The authors disclose no potential conflicts of interest.

Figures

Figure 1
Figure 1. High grade serous ovarian cancer (HGSOC) mutational processes are established early and are patient specific
A) Representative p53 IHC and H&E images of the hypothetical progression series of HGSOC in a patient with STIC, and invasive lesions in the fallopian tube, ovary, and abdominal omentum. B) Laser capture microdissection of the tumor compartment from omentum. C) Workflow to elucidate the spatiotemporal pattern of genomic alterations in HGSOC to capture tumor phylogenies and core events. D) Frequency of SNV by anatomic site and patient reveal that mutational burden is patient-specific rather than determined by anatomic tumor location. Average mutational burden across the patient cohort is approximately 1 somatic mutation per megabase (50 mutations total per tumor sample). E) Identification of an age-related mutational signature class characterized by high rates of C>T substitutions in all samples of the patient cohort, reveals a comparable mutational process underlying disease progression in all patients examined. STIC = serous tubal intraepithelial carcinoma; FT = invasive fallopian tube tumor; OV = invasive ovarian tumor; OM = omental metastasis.; SNV = single nucleotide variants.
Figure 2
Figure 2. Core, recurrent SNVs in HGSOC are restricted to TP53 mutations
A) Oncoprint of all non-synonymous mutations in patient 539 reveals mutation of TP53 and distribution of mutations into core, shared, and private classes.

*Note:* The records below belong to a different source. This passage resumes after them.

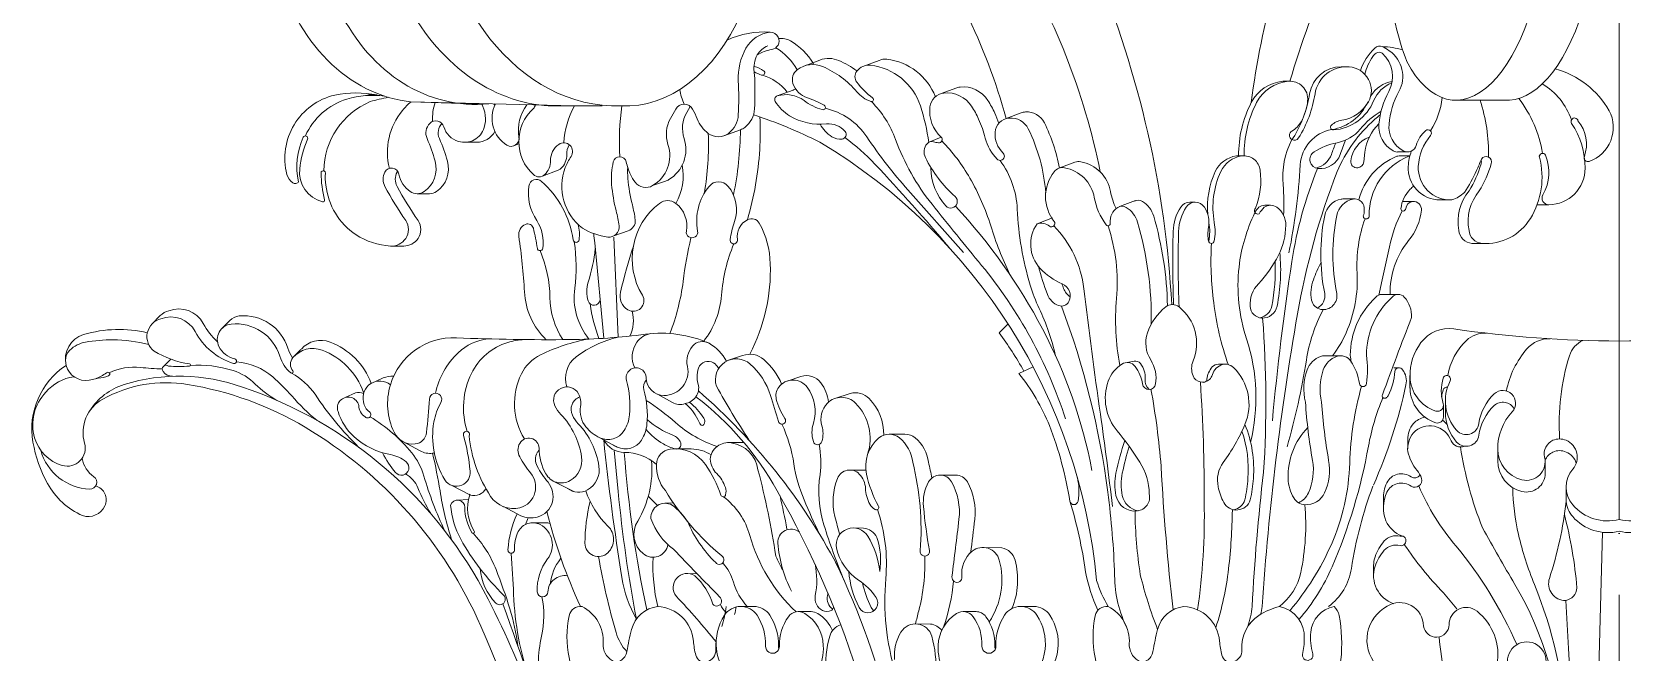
# Model space of a CAD drawing. Header units: millimetres. Extents: x 542654 to 551203, y 315718 to 321804.
# Drawn here: x 542954.1 to 543267.9, y 318043.9 to 318166.3 of the extents above; entities that cross this region are included whole.
import ezdxf

# ---------------------------------------------------------------- set-up
doc = ezdxf.new("R2010")
doc.units = ezdxf.units.MM
doc.linetypes.add('ACAD_ISO04W100', pattern=[30, 24, -3, 0, -3])
doc.layers.add('cad-block.com', color=250, linetype='Continuous')

msp = doc.modelspace()

# ---------------------------------------------------------------- linework, layer by layer
at = {"layer": 'cad-block.com', "color": 18, "linetype": 'ACAD_ISO04W100', "lineweight": 15, "ltscale": 4, "true_color": 0x000000}
msp.add_lwpolyline([(543267.27, 318415.49), (543267.27, 315911.75)], dxfattribs=at)
at = {"layer": 'cad-block.com', "color": 18, "lineweight": 15, "true_color": 0x000000}
for points in [[(543178.98, 318112.44, 0.085316), (543163.85, 318178.98, 0.058579), (543147.68, 318209.46, 0.066991), (543129.91, 318228.97, 0.040119), (543117.89, 318237.52, 0.167171), (543069.51, 318247.66, 0.006089), (543068.54, 318247.53, 0.006089)], [(543164.89, 318138.61, 0.088119), (543147.39, 318182.99, 0.134951), (543108.98, 318218.86, 0.138478), (543074.17, 318226.2, 0.934694)], [(543194.66, 318152.29, -0.077457), (543207.72, 318197.68, -0.151197), (543230.3, 318222.71, -0.172709)], [(543146.34, 318149.15, 0.08893), (543126.84, 318189.45, 0.152275), (543090.74, 318216.09, 6.807226)], [(543202.29, 318156.52, -0.029529), (543210.32, 318178.63, -0.074731), (543227.66, 318206.57, 363.288715)], [(543225.34, 318160.38, -0.060997), (543221.79, 318175.39, -0.060997)], [(543062.74, 318127.53, 0.1069), (543067.74, 318125.78, 0.487914), (543069.94, 318127.98, 0.032986), (543069.38, 318130.92, -0.043044), (543068.49, 318136.14, -0.07646), (543068.81, 318140.59, -0.798654), (543071.36, 318140.59, 0.050083), (543072.2, 318138.09, 0.060853), (543073.12, 318136.57, 0.37667), (543076.57, 318135.92, 0.351961), (543079.6, 318144.02, -0.211288), (543080.1, 318149.15), (543081.14, 318150.99, -0.584007), (543084.45, 318150.99, -0.033602), (543085.36, 318149.08, 0.137329), (543087.55, 318146.22, 0.334503), (543091.55, 318146.22, 0.222423), (543093.48, 318149.87, 0.02488), (543093.48, 318156.59, -0.140606), (543094.99, 318163.03, -0.244646), (543099.77, 318166.17)], [(543099.77, 318166.17, 0.129309), (543091.27, 318164.63, 0.598447)], [(543099.77, 318166.17, -0.286436), (543101.34, 318165.17, -0.497185), (543100.09, 318162.76, 0.092795), (543097.19, 318161.69, -6.529241)], [(543096.59, 318158.39, -0.146479), (543097.19, 318161.69, -0.165812), (543099.28, 318163.49, 4.013776)], [(543105.09, 318158.78, 0.118387), (543100.87, 318163.11, 0.118387)], [(543108.29, 318159.97, 0.124713), (543103.79, 318164.46, 0.175952), (543101.44, 318164.91, 0.175952)], [(543216.2, 318158.6, -0.118091), (543219.05, 318163.06, -0.118091)], [(543219.05, 318163.06, -0.293918), (543220.53, 318163.34, -1.516424)], [(543239.64, 318134.86, 0.062288), (543242, 318140.22, 0.922364), (543240.09, 318141.14, 0.006266), (543239.13, 318138.89, -0.043944), (543236.71, 318134.59, -0.13037), (543234.26, 318133.1, -0.445547), (543227.63, 318139.72, -0.164866), (543230.06, 318145.82, 0.924034), (543229.1, 318146.78, 0.148965), (543227.23, 318143.85, -0.484015), (543224.65, 318142.77, -0.296349), (543221.85, 318148.03, -0.104047), (543223.8, 318154.47, 0.383526), (543221.91, 318162.51, 0.033281), (543220.53, 318163.34, 0.033281)], [(543220.53, 318163.34, -0.066761), (543224.53, 318162.69, -3.105386)], [(543096.62, 318159.44, -0.056553), (543098.47, 318158.58, -0.886912), (543098.08, 318157.72, -0.058194), (543096.59, 318158.39, 0.009605), (543096.59, 318158.39)], [(543131.06, 318144.45, 0.045873), (543129.39, 318151.64, 0.291406), (543119.56, 318159.67, 0.271752), (543116.84, 318158.48, 0.324178), (543116.84, 318156.35, 0.079377), (543119.97, 318153.23, -0.868678), (543119.6, 318152.53, -0.130466), (543116.88, 318154.41, 0.115298), (543110.1, 318159.41, 0.271694), (543105.09, 318158.78, 0.318681), (543104.26, 318156.07, 0.237897), (543107.1, 318153.23, -0.044865), (543110.41, 318151.8, -0.897432), (543110.03, 318150.9, -0.091106), (543106.45, 318152.69, 0.241771), (543101.15, 318153.6, 0.485609), (543100.75, 318152.54, 0.122648), (543103.6, 318149.69, 0.163506), (543110.86, 318148.09, -0.25342), (543114.54, 318146.58, -0.594264), (543113.94, 318145.1, -0.168014), (543111.93, 318145.56, -0.131114), (543109.62, 318148.02)], [(543116.89, 318158.54, 0.056112), (543113.3, 318160.59, 0.192959), (543109.59, 318160.69, 0.192959)], [(543132.37, 318153.45), (543132.37, 318153.45, 0.27637), (543122.76, 318160.85, 0.133456), (543121.24, 318160.63, 0.133456)], [(543220.52, 318162.03, 0.307565), (543219.3, 318162.02, 0.091107), (543218.64, 318161.37, 0.08859), (543217.06, 318157.89, 3.647656)], [(543223.73, 318142.56, -0.157436), (543222.65, 318142.77, -0.296349), (543219.85, 318148.03, -0.104047), (543221.8, 318154.47, 0.347929), (543220.52, 318162.03, 0.347929)], [(543093.9, 318146.94, 0.072793), (543094.75, 318147.41, 0.222423), (543096.68, 318151.05, 0.02488), (543096.68, 318157.78, -0.025853), (543096.59, 318158.39, -0.025853)], [(543098.22, 318157.7, -0.166751), (543103.1, 318154.32, 2.49529)], [(543192.18, 318141.8, -0.120441), (543194.66, 318152.29, -0.257469), (543200.89, 318156.5, -0.022678), (543201.21, 318156.52, -0.022678)], [(543193.25, 318141.8, -0.120441), (543195.73, 318152.29, -0.257469), (543201.97, 318156.5, -0.468396), (543205.8, 318152.67, -0.105747), (543204.5, 318148.48, -0.137498), (543202.7, 318146.68, 0.585031), (543202.7, 318144.99, 0.401345), (543204.01, 318145.32, 0.10053), (543207.25, 318154.04, -0.392349), (543213.98, 318159.35, -0.251975), (543217.8, 318156.88, -0.257043), (543217.8, 318152.47, -0.235272), (543212.52, 318148.81, 0.151981), (543210.48, 318147.84, 0.708926), (543210.89, 318146.89, 0.285621), (543218.82, 318152.65, -0.209437), (543222.43, 318156.16, -0.209437)], [(543202.65, 318145.02, 0.108229), (543202.94, 318145.32, 0.10053), (543206.18, 318154.04, -0.369374), (543212.41, 318159.37, -0.369374)], [(543218.25, 318153.63, -0.212119), (543222.49, 318156.47, -0.212119)], [(543239.64, 318134.86, 0.227192), (543237.63, 318127.09, 0.374718), (543240.2, 318124.52, 0.278076), (543249.73, 318129.41, 0.206564), (543251.52, 318141.5, -0.929847), (543252.69, 318141.91, -0.236971), (543252.22, 318134.12, 0.578623), (543253.36, 318132.15, 0.412699), (543260.55, 318139.34, 0.148366), (543257.88, 318148.2, -1.241806), (543259.13, 318148.69, -0.262445), (543260.39, 318141.64, 0.628921), (543261.34, 318140.69, 0.456633), (543265.29, 318150.68, 0.197725), (543254.63, 318158.95, 0.197725)], [(543012.12, 318136.03, -0.083719), (543012.04, 318138.36, 1.143059), (543011.16, 318138.36, 0.058498), (543011.85, 318133.12, -0.568453), (543011.45, 318132.72, -0.374676), (543006.95, 318139.22, -0.072529), (543008.49, 318145.09, 0.984131), (543007.65, 318145.46, 0.166181), (543006.73, 318136.68, -0.417336), (543005.59, 318136.45, -0.183148), (543004.41, 318138.12, -0.42009), (543013.86, 318153.78, -2.388037)], [(543013.86, 318153.78, -0.098331), (543022.23, 318153.8, -3.430852)], [(543016.26, 318153, -0.101222), (543023.66, 318153.59, -16.303121)], [(543020.86, 318152.48, -0.030466), (543024.44, 318153.34, -0.030466)], [(543082.79, 318151.96, -0.071148), (543081.94, 318154.88, -9.527404)], [(543104.84, 318154.92, 0.021651), (543104.34, 318154.78, 0.01291), (543104.31, 318154.77, 0.01291)], [(543154.12, 318134.51, 0.095974), (543150.67, 318147.12, 0.305759), (543146.93, 318149.25, 0.371117), (543144.14, 318146.47, 0.220756), (543145.71, 318142.32, -1.009055), (543144.53, 318141.13, -0.133656), (543142.2, 318145.29, 0.046542), (543140.88, 318149.04, 0.03358), (543139.51, 318151.56, 0.287928), (543134.03, 318154.17, 0.347898), (543131.29, 318151.43, 0.238944), (543133.48, 318145.49, -0.728596), (543132.95, 318144.36, -0.036748), (543131.98, 318144.56, 0.294375), (543130.72, 318144.17, 0.297326), (543130.39, 318141.45, 0.097156), (543136.24, 318133.78, -1.061858), (543134.39, 318131.92, -0.174963), (543131.43, 318139.34, -0.174963)], [(543144.88, 318148.22, 0.025192), (543144.08, 318150.22, 0.03358), (543142.7, 318152.74, 0.287928), (543137.22, 318155.36, 0.070535), (543136.38, 318155.13, 0.070535)], [(543230.03, 318146.75, 0.120863), (543232.32, 318153.27, -5.961324)], [(543257.84, 318148.89, 0.175321), (543252.09, 318156, 0.175321)], [(543008.07, 318145.73, -0.214264), (543016.26, 318153, -1.36075)], [(543011.73, 318138.84, -0.301292), (543020.86, 318152.48, -1.501105)], [(543012.12, 318136.03, 0.225866), (543018.06, 318126.24, 0.132274), (543024.85, 318124, 0.261655), (543027.86, 318125.48, 0.310541), (543027.86, 318129.03, -0.026171), (543023.74, 318135.77, -0.25403), (543023.74, 318138.58, -0.70093), (543026.51, 318138.16, 0.194292), (543028.76, 318134.74, 0.311822), (543031.49, 318134.74, 0.318798), (543033.67, 318140.74, 0.038056), (543032.07, 318145.19, -0.305694), (543032.6, 318148.2, -0.5733), (543035.37, 318147.53, 0.251286), (543038.27, 318144.64, 0.414866), (543043.34, 318147.36, 0.205128), (543042.8, 318152.09, 0.205128)], [(543024.64, 318139.3, -0.237725), (543027.22, 318150.75, -0.045453), (543028.88, 318152.44, -0.045453)], [(543033.13, 318148.57, -0.080332), (543033.64, 318152.32, 1.600389)], [(543051.74, 318151.86, 0.201236), (543050.21, 318145.49, -0.642627), (543047.83, 318143.9, -0.392901), (543045.59, 318152.02)], [(543045.44, 318151.69, 0.015468), (543045.26, 318152.03, 0.015468)], [(543062.74, 318127.53, -0.332505), (543059.33, 318139.46, -0.059601), (543060.48, 318141.64, 0.831925), (543058.06, 318144.05, 0.255383), (543056.44, 318140.84, -0.218686), (543055.28, 318138.09, -0.388659), (543053.04, 318138.09, -0.440238), (543053.04, 318151.13, 0.153256), (543053.44, 318151.82, 0.153256)], [(543059.05, 318144.36, -0.106292), (543061.15, 318151.63, -1.818637)], [(543070.08, 318141.61, -0.043663), (543070.49, 318151.64, -3.744583)], [(543079.09, 318136.82, 0.069277), (543079.77, 318137.11, 0.351961), (543082.79, 318145.21, -0.211288), (543083.29, 318150.33), (543083.98, 318151.54)], [(543110.63, 318151.18, -0.190873), (543118.84, 318145.53, 0.033884), (543126.94, 318135.06, 0), (543137.88, 318122.74, -13.432039)], [(543119.73, 318152.5, -0.109377), (543124.5, 318145.02, 0.08149), (543131.69, 318132.25, 0.003091), (543141.46, 318120.19, -0.093576), (543158.04, 318089.9, -1.376333)], [(543156.83, 318139.38, 0.06871), (543153.86, 318148.3, 0.305759), (543150.12, 318150.44, 0.071069), (543149.29, 318150.25, 0.071069)], [(543220.28, 318150.6, 0.083046), (543216.16, 318147.06, -0.173743), (543211.59, 318144.37, 0.097074), (543207.05, 318142.55, 0.711167), (543207.85, 318139.29, 0.342134), (543212.23, 318142.07, -0.00686), (543213.29, 318144.9)], [(543210.56, 318146.97, 0.257531), (543217.65, 318152.44, 0.257531)], [(543241.47, 318141.56, 0.084056), (543239.82, 318152.77, 0.084056)], [(543252.12, 318142.28, 0.124616), (543247.46, 318153.1, 0.124616)], [(543032.55, 318134.32, 0.152295), (543033.91, 318134.74, 0.318798), (543036.1, 318140.74, 0.038056), (543034.5, 318145.19, -0.305694), (543035.03, 318148.2)], [(543093.9, 318146.94, -0.04832), (543092.53, 318134.07, 3.335535)], [(543095.27, 318129.19, 0.056011), (543097.7, 318143.04, 0.028257), (543097.73, 318149.46, 3.83741)], [(543164.16, 318058.04, 0.239744), (543109.57, 318144.46, 0.039699), (543096.47, 318149.87, 0.074944)], [(543196.83, 318052.89, -0.026612), (543203.79, 318110.61, -0.049635), (543211.62, 318138.67, -0.1143), (543219.06, 318149, -0.029602), (543220.12, 318149.87, -0.029602)], [(543210.56, 318146.97, 0.349978), (543204.33, 318140.02, -0.035633), (543202.1, 318122.63, -0.81846)], [(543219.86, 318148.11, 0.172334), (543217.09, 318142.52), (543216.85, 318140.58, -0.346083), (543215.69, 318139.42, -0.485793), (543214.3, 318140.81, -0.278844), (543217.96, 318145.5)], [(543041.87, 318144.46), (543041.87, 318144.46, 0.275429), (543045.45, 318146.6, 0.275429)], [(543060.12, 318143.99, 0.13737), (543059.63, 318142.02, -0.218686), (543058.47, 318139.27, -0.097294), (543057.93, 318138.94)], [(543087.55, 318146.22, -0.052817), (543086.78, 318134.44, -0.846108)], [(543114.49, 318145.38, -0.047086), (543120.43, 318140.16, -0.014242), (543135.05, 318123.72, 0.010849)], [(543133.63, 318144.73, -0.061896), (543139.16, 318137.4, -0.055436), (543143.28, 318127.98, 0.036041), (543147.04, 318118.39, 1.355104)], [(543202.7, 318144.99, 0.143837), (543200.95, 318136.09, -0.038592), (543201.04, 318130.08, 0.219367)], [(543207.44, 318139.38, 0.255575), (543210.49, 318142.07, -0.00544), (543211.32, 318144.31, -0.00544)], [(543145.12, 318140.88, -0.14831), (543148.51, 318131.3, 0.061444), (543151.07, 318116.25, 0.038127), (543152.82, 318111.71, -0.054927), (543156.07, 318102.35, -9.266412)], [(543168.01, 318131.38, -0.070185), (543166.91, 318134.75, 0.313854), (543161.03, 318140.63, 0.136223), (543159.89, 318140.52)], [(543180.43, 318111.99, -0.016383), (543180.34, 318126.89, -0.138745), (543181.83, 318131.66, -0.54169), (543185.43, 318131.66, -0.191704), (543186.24, 318127.63, 0.090098), (543186.24, 318124.99, 0.834698), (543187.38, 318124.99, 0.090098), (543187.38, 318128.67, -0.154238), (543188.66, 318138.69, -0.255994), (543192.81, 318141.77, -0.420342), (543196.43, 318138.96, -0.126604), (543195.51, 318131.46, 0.838806), (543196.22, 318130.37, -0.068991), (543197.25, 318131.64, -0.326625), (543199.72, 318131.64, -0.242631), (543201.49, 318128.09, -0.113862), (543200.05, 318122.18, -0.07489), (543196.08, 318116.57, 0.208429), (543194.44, 318112.12, 0.381367), (543196.76, 318109.8, 0.372913), (543199.77, 318112.12, 0.074997), (543200.3, 318122.7, -47.507584)], [(543186.11, 318130.17, -0.131234), (543187.58, 318138.69, -0.255994), (543191.74, 318141.77, -0.033995), (543192.18, 318141.8)], [(543225.95, 318141.75, 0.030199), (543225.77, 318141.71, 0.310048), (543217.93, 318129.96, -1.041298), (543216.77, 318129.93), (543216.77, 318129.93, 0.100222), (543216.95, 318131.07, 0.526277), (543214.77, 318133.25, 0.310378), (543211.53, 318130.01, 0.099962), (543211.53, 318114.66, -0.526277), (543208.39, 318111.51, -0.310378), (543206.57, 318113.33, -0.136719), (543206.92, 318117.35, -0.030632), (543208.43, 318120.71)], [(543223.82, 318141.77, 0.069608), (543223.4, 318141.71, 0.24171), (543215.92, 318133.1)], [(543231.93, 318133.09, -0.429791), (543225.64, 318139.72, -0.07501), (543226.25, 318142.71, -0.07501)], [(543237.65, 318134.86, 0.062288), (543240.01, 318140.22, 0.180662), (543240.01, 318140.97, 0.180662)], [(543027.47, 318124, 0.246996), (543030.29, 318125.48, 0.310541), (543030.29, 318129.03, -0.026171), (543026.16, 318135.77, -0.25403), (543026.16, 318138.58, -0.030707), (543026.26, 318138.73, -0.030707)], [(543071.73, 318127.03, 0.367681), (543073.14, 318129.16, 0.032986), (543072.57, 318132.11, -0.043044), (543071.69, 318137.33, -0.038175), (543071.67, 318139.56, -0.038175)], [(543081.14, 318132.42, 0.177225), (543082.42, 318139.96, -11.386361)], [(543174.95, 318108.61, 0.074759), (543172.23, 318128.72, 0.184582), (543170.02, 318131.62, 0.285791), (543168.35, 318131.62, 0.293131), (543166.87, 318128.51, -0.769799), (543166.05, 318128.18, -0.117217), (543163.71, 318133.57, 0.313854), (543157.83, 318139.44, 0.277597), (543155.78, 318138.66, 0.345232), (543155.78, 318128.84, -0.886167), (543154.87, 318127.93, 0.245635), (543152.41, 318128.38, 0.3525), (543153.03, 318119.59, 0.107462), (543157.38, 318116.55, -0.431093), (543158.7, 318113.06, -0.390077), (543156.66, 318112.26, -0.211023), (543154.46, 318114.46, -0.030649), (543152.71, 318119.95, -4.210327)], [(543207.75, 318139.3, 0.059187), (543202.69, 318120.97, 0.014813), (543198.84, 318089.54, 3.736823)], [(543055.57, 318105.52, -0.188883), (543051.28, 318114.95, 0.023683), (543050.17, 318125.92, -0.342578), (543051.5, 318128.28, -0.462894), (543053.04, 318127.5, -0.019309), (543053.83, 318123.54, 0.853204), (543054.89, 318123.54, 0.187607), (543053.7, 318129.03, -0.180973), (543052.14, 318135.83, -0.599333), (543054.64, 318136.76, -0.178638), (543060.88, 318125.23, 0.866899), (543062.06, 318125.23, 0.104569), (543061.86, 318128.27, 29.551117)], [(543095.78, 318102.65, 0.125904), (543099.79, 318120.51, 0.118346), (543097.62, 318128.5, 0.412718), (543095.27, 318129.19, 0.315105), (543093.3, 318125.27, -1.157598), (543091.86, 318125.27, -0.046289), (543092.72, 318128.83, 0.258388), (543091.5, 318135.77, 0.477037), (543087.7, 318135.77, 0.218821), (543085.45, 318126.94, -1.19976), (543083.23, 318126.94, 0.279958), (543081.14, 318132.42, 0.342548), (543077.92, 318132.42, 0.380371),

B) A minority of SNVs and insertions/deletions (indels) are present in all samples (“core”). The majority of mutations are shared between 2–3 anatomic sites (“shared”), or present in only one site (“private”) C) Euler diagram of all non-synonymous SNVs and indels. Core SNVs/indels present in all anatomic sites are highlighted in red.
Figure 3
Figure 3. Genomic instability is a core feature of ovarian cancer that frequently involves DNA-damage repair genes
A) Frequency plot of copy number variations (CNVs) across all patients and all four anatomic sites. Annotated arm level events were also identified as significant in the TCGA analysis of HGSOC. For all plots in Figure 3, amplifications are red and deletions are blue. B) Genomic aberration plot of CNVs across all anatomic sites and patients imply high degree of genomic instability in all anatomic sites. Chromosome numbers are indicated on margin. Amplifications are red; deletions are blue. C) CNV status of significantly altered DNA repair pathway genes (from REPAIRtoire) reveals common deletion of DNA damage response and repair genes known to be involved in HGSOC. Amplifications are red; deletions are blue. D/E) Extent of genomic instability is patient-specific (D) and does not vary by anatomic site (E). F) GISTIC identification and analysis of significantly altered genes identifies conserved core amplifications and deletions. Number of amplifications in red and deletions in blue.
Figure 4
Figure 4. Phylogenetic analyses of ovarian cancer progression reveal diverse metastatic processes and evidence of intraepithelial metastasis
A) Phylogenetic trees of each patient with key genomic events (SNVs, Indels, CNVs) that characterize each branching event annotated (C (“core”), 1, or 2). Deletions are in blue. B) Representative p53 staining of a “STIC Metastasis” in patient #563 (left), as well as intraluminal HGSOC spheroids within the same fallopian tube (right). C) P53 staining of intraluminal HGSOC spheroids adhering to the epithelium of the fallopian tube (patient 530) D) Human fallopian tube fimbriae and spheroids that were co-cultured. E) Co-culture of human fallopian tube explants with TYK-nu ovarian cancer spheroids mimic STICs with clearance of normal epithelium and implantation of tumor cells expressing Ki-67 and nuclear p53. F/G) Adhesion of fluorescently-labeled HGSOC cells (green) to primary FTEC monolayer (brightfield) after 15 minutes. Pretreatment with β1-integrin blocking antibody (AIIB2) attenuated adhesion of HeyA8 and TYK-nu cells to FTEC monolayer. H) TYK-nu ovarian cancer spheroids (phalloidin only) clear a primary human fallopian tube epithelial monolayer (phalloidin and CellTracker Green) after 12 hours.